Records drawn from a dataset

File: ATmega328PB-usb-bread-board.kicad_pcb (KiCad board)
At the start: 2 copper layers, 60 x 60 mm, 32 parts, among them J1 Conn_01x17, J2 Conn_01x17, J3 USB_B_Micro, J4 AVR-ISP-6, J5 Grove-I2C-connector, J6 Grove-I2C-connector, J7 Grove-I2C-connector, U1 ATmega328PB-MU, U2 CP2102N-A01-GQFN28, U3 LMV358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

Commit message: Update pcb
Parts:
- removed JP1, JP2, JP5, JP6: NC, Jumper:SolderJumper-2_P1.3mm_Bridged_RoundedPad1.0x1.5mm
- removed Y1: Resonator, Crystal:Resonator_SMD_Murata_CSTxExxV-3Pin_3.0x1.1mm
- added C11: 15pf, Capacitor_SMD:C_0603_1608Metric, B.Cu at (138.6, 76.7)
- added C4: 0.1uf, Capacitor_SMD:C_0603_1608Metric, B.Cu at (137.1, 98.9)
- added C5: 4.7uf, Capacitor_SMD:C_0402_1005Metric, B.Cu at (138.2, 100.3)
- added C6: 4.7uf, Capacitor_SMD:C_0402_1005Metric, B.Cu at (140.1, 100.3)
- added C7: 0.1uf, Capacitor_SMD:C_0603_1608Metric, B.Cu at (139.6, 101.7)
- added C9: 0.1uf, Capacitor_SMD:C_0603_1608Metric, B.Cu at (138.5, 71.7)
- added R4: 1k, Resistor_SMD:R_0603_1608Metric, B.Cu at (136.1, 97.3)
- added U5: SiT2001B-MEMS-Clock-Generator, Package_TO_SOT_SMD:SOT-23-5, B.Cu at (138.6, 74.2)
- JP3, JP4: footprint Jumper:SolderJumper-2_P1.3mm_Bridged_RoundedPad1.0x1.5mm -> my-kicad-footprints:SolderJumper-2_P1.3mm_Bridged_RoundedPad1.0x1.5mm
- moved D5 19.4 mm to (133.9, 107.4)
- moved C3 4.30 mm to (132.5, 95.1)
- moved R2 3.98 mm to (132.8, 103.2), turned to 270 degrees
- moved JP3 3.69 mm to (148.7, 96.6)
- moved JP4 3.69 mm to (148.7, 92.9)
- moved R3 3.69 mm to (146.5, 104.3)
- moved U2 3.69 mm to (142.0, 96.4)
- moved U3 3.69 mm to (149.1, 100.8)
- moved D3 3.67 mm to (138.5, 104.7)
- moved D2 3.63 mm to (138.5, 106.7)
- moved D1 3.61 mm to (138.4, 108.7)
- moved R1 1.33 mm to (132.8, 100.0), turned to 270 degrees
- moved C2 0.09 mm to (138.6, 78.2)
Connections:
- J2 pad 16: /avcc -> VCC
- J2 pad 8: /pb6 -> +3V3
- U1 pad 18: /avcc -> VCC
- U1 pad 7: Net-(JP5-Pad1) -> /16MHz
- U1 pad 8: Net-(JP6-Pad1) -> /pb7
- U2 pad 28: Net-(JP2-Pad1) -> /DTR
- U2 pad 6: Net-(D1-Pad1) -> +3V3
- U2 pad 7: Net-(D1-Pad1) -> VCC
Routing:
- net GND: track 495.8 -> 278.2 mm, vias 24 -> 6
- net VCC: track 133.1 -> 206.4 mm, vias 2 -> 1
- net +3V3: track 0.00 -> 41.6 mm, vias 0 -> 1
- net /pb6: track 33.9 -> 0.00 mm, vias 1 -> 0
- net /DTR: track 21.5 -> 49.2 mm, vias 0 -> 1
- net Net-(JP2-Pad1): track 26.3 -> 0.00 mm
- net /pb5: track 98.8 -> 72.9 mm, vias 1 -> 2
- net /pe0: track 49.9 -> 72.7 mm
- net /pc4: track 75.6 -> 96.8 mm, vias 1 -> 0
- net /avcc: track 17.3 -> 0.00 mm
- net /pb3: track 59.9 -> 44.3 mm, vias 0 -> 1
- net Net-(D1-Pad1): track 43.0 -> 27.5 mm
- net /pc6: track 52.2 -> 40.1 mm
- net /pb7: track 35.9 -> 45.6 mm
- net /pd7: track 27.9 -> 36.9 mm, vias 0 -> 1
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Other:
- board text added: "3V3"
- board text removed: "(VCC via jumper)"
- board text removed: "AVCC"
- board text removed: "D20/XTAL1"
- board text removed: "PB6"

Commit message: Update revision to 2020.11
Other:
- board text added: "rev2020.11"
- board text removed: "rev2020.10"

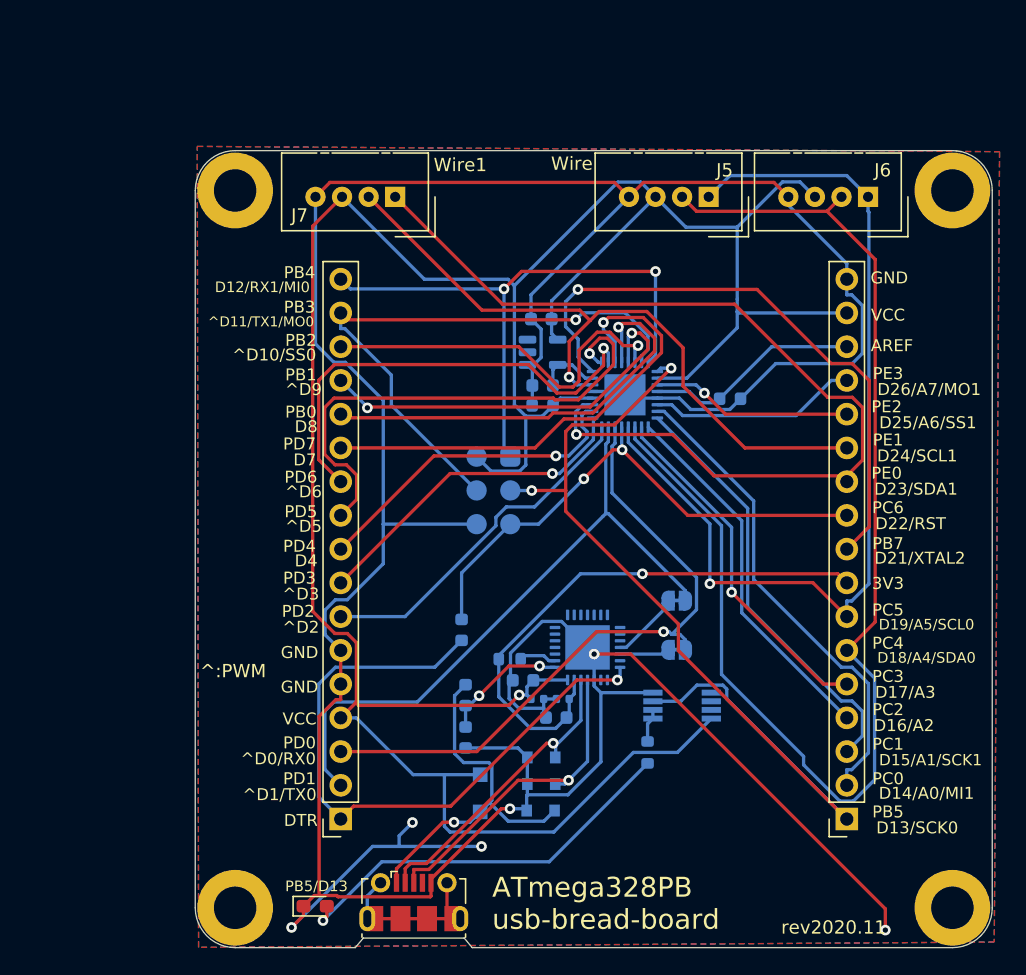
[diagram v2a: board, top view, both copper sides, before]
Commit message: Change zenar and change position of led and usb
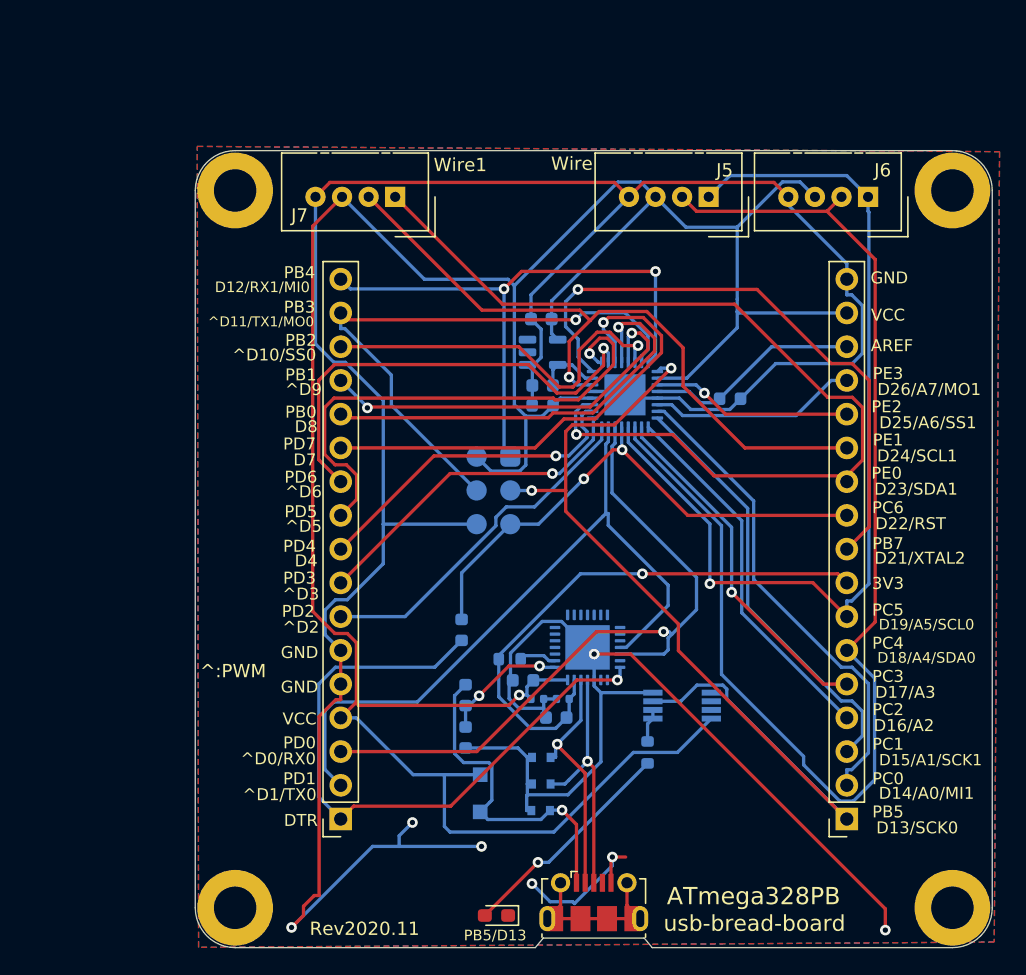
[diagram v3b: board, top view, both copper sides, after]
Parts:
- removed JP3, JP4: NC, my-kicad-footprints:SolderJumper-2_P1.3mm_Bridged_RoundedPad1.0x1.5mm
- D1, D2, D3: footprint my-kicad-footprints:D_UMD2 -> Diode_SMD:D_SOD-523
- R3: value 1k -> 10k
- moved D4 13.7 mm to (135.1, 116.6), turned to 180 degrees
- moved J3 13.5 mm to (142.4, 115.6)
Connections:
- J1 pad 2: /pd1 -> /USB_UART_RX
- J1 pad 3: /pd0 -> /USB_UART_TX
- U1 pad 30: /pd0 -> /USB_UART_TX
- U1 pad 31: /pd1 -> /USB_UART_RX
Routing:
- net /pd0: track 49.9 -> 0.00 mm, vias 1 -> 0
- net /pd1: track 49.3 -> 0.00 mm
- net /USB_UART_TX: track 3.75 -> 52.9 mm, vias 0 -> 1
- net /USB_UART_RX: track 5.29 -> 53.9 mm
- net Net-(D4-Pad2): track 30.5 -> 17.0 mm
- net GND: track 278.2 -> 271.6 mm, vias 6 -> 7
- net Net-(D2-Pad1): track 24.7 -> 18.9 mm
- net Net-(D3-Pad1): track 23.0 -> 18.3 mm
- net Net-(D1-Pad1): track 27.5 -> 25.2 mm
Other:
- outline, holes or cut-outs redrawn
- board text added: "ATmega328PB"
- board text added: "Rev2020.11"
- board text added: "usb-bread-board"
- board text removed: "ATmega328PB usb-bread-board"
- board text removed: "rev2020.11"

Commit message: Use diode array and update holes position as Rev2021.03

(What you will do): Copy the data precisely. Skip every picture.

(Answer below):
File: ATmega328PB-usb-bread-board.kicad_pcb (KiCad board)
At the start: 2 copper layers, 60 x 60 mm, 32 parts, among them J1 Conn_01x17, J2 Conn_01x17, J3 USB_B_Micro, J4 AVR-ISP-6, J5 Grove-I2C-connector, J6 Grove-I2C-connector, J7 Grove-I2C-connector, U1 ATmega328PB-MU, U2 CP2102N-A01-GQFN28, U3 LMV358

Commit message: Update pcb
Parts:
- removed JP1, JP2, JP5, JP6: NC, Jumper:SolderJumper-2_P1.3mm_Bridged_RoundedPad1.0x1.5mm
- removed Y1: Resonator, Crystal:Resonator_SMD_Murata_CSTxExxV-3Pin_3.0x1.1mm
- added C11: 15pf, Capacitor_SMD:C_0603_1608Metric, B.Cu at (138.6, 76.7)
- added C4: 0.1uf, Capacitor_SMD:C_0603_1608Metric, B.Cu at (137.1, 98.9)
- added C5: 4.7uf, Capacitor_SMD:C_0402_1005Metric, B.Cu at (138.2, 100.3)
- added C6: 4.7uf, Capacitor_SMD:C_0402_1005Metric, B.Cu at (140.1, 100.3)
- added C7: 0.1uf, Capacitor_SMD:C_0603_1608Metric, B.Cu at (139.6, 101.7)
- added C9: 0.1uf, Capacitor_SMD:C_0603_1608Metric, B.Cu at (138.5, 71.7)
- added R4: 1k, Resistor_SMD:R_0603_1608Metric, B.Cu at (136.1, 97.3)
- added U5: SiT2001B-MEMS-Clock-Generator, Package_TO_SOT_SMD:SOT-23-5, B.Cu at (138.6, 74.2)
- JP3, JP4: footprint Jumper:SolderJumper-2_P1.3mm_Bridged_RoundedPad1.0x1.5mm -> my-kicad-footprints:SolderJumper-2_P1.3mm_Bridged_RoundedPad1.0x1.5mm
- moved D5 19.4 mm to (133.9, 107.4)
- moved C3 4.30 mm to (132.5, 95.1)
- moved R2 3.98 mm to (132.8, 103.2), turned to 270 degrees
- moved JP3 3.69 mm to (148.7, 96.6)
- moved JP4 3.69 mm to (148.7, 92.9)
- moved R3 3.69 mm to (146.5, 104.3)
- moved U2 3.69 mm to (142.0, 96.4)
- moved U3 3.69 mm to (149.1, 100.8)
- moved D3 3.67 mm to (138.5, 104.7)
- moved D2 3.63 mm to (138.5, 106.7)
- moved D1 3.61 mm to (138.4, 108.7)
- moved R1 1.33 mm to (132.8, 100.0), turned to 270 degrees
- moved C2 0.09 mm to (138.6, 78.2)
Connections:
- J2 pad 16: /avcc -> VCC
- J2 pad 8: /pb6 -> +3V3
- U1 pad 18: /avcc -> VCC
- U1 pad 7: Net-(JP5-Pad1) -> /16MHz
- U1 pad 8: Net-(JP6-Pad1) -> /pb7
- U2 pad 28: Net-(JP2-Pad1) -> /DTR
- U2 pad 6: Net-(D1-Pad1) -> +3V3
- U2 pad 7: Net-(D1-Pad1) -> VCC
Routing:
- net GND: track 495.8 -> 278.2 mm, vias 24 -> 6
- net VCC: track 133.1 -> 206.4 mm, vias 2 -> 1
- net +3V3: track 0.00 -> 41.6 mm, vias 0 -> 1
- net /pb6: track 33.9 -> 0.00 mm, vias 1 -> 0
- net /DTR: track 21.5 -> 49.2 mm, vias 0 -> 1
- net Net-(JP2-Pad1): track 26.3 -> 0.00 mm
- net /pb5: track 98.8 -> 72.9 mm, vias 1 -> 2
- net /pe0: track 49.9 -> 72.7 mm
- net /pc4: track 75.6 -> 96.8 mm, vias 1 -> 0
- net /avcc: track 17.3 -> 0.00 mm
- net /pb3: track 59.9 -> 44.3 mm, vias 0 -> 1
- net Net-(D1-Pad1): track 43.0 -> 27.5 mm
- net /pc6: track 52.2 -> 40.1 mm
- net /pb7: track 35.9 -> 45.6 mm
- net /pd7: track 27.9 -> 36.9 mm, vias 0 -> 1
Other:
- board text added: "3V3"
- board text removed: "(VCC via jumper)"
- board text removed: "AVCC"
- board text removed: "D20/XTAL1"
- board text removed: "PB6"

Commit message: Update revision to 2020.11
Other:
- board text added: "rev2020.11"
- board text removed: "rev2020.10"

[diagram v2a: board, top view, both copper sides, before]
Commit message: Change zenar and change position of led and usb
[diagram v3b: board, top view, both copper sides, after]
Parts:
- removed JP3, JP4: NC, my-kicad-footprints:SolderJumper-2_P1.3mm_Bridged_RoundedPad1.0x1.5mm
- D1, D2, D3: footprint my-kicad-footprints:D_UMD2 -> Diode_SMD:D_SOD-523
- R3: value 1k -> 10k
- moved D4 13.7 mm to (135.1, 116.6), turned to 180 degrees
- moved J3 13.5 mm to (142.4, 115.6)
Connections:
- J1 pad 2: /pd1 -> /USB_UART_RX
- J1 pad 3: /pd0 -> /USB_UART_TX
- U1 pad 30: /pd0 -> /USB_UART_TX
- U1 pad 31: /pd1 -> /USB_UART_RX
Routing:
- net /pd0: track 49.9 -> 0.00 mm, vias 1 -> 0
- net /pd1: track 49.3 -> 0.00 mm
- net /USB_UART_TX: track 3.75 -> 52.9 mm, vias 0 -> 1
- net /USB_UART_RX: track 5.29 -> 53.9 mm
- net Net-(D4-Pad2): track 30.5 -> 17.0 mm
- net GND: track 278.2 -> 271.6 mm, vias 6 -> 7
- net Net-(D2-Pad1): track 24.7 -> 18.9 mm
- net Net-(D3-Pad1): track 23.0 -> 18.3 mm
- net Net-(D1-Pad1): track 27.5 -> 25.2 mm
Other:
- outline, holes or cut-outs redrawn
- board text added: "ATmega328PB"
- board text added: "Rev2020.11"
- board text added: "usb-bread-board"
- board text removed: "ATmega328PB usb-bread-board"
- board text removed: "rev2020.11"

Commit message: Use diode array and update holes position as Rev2021.03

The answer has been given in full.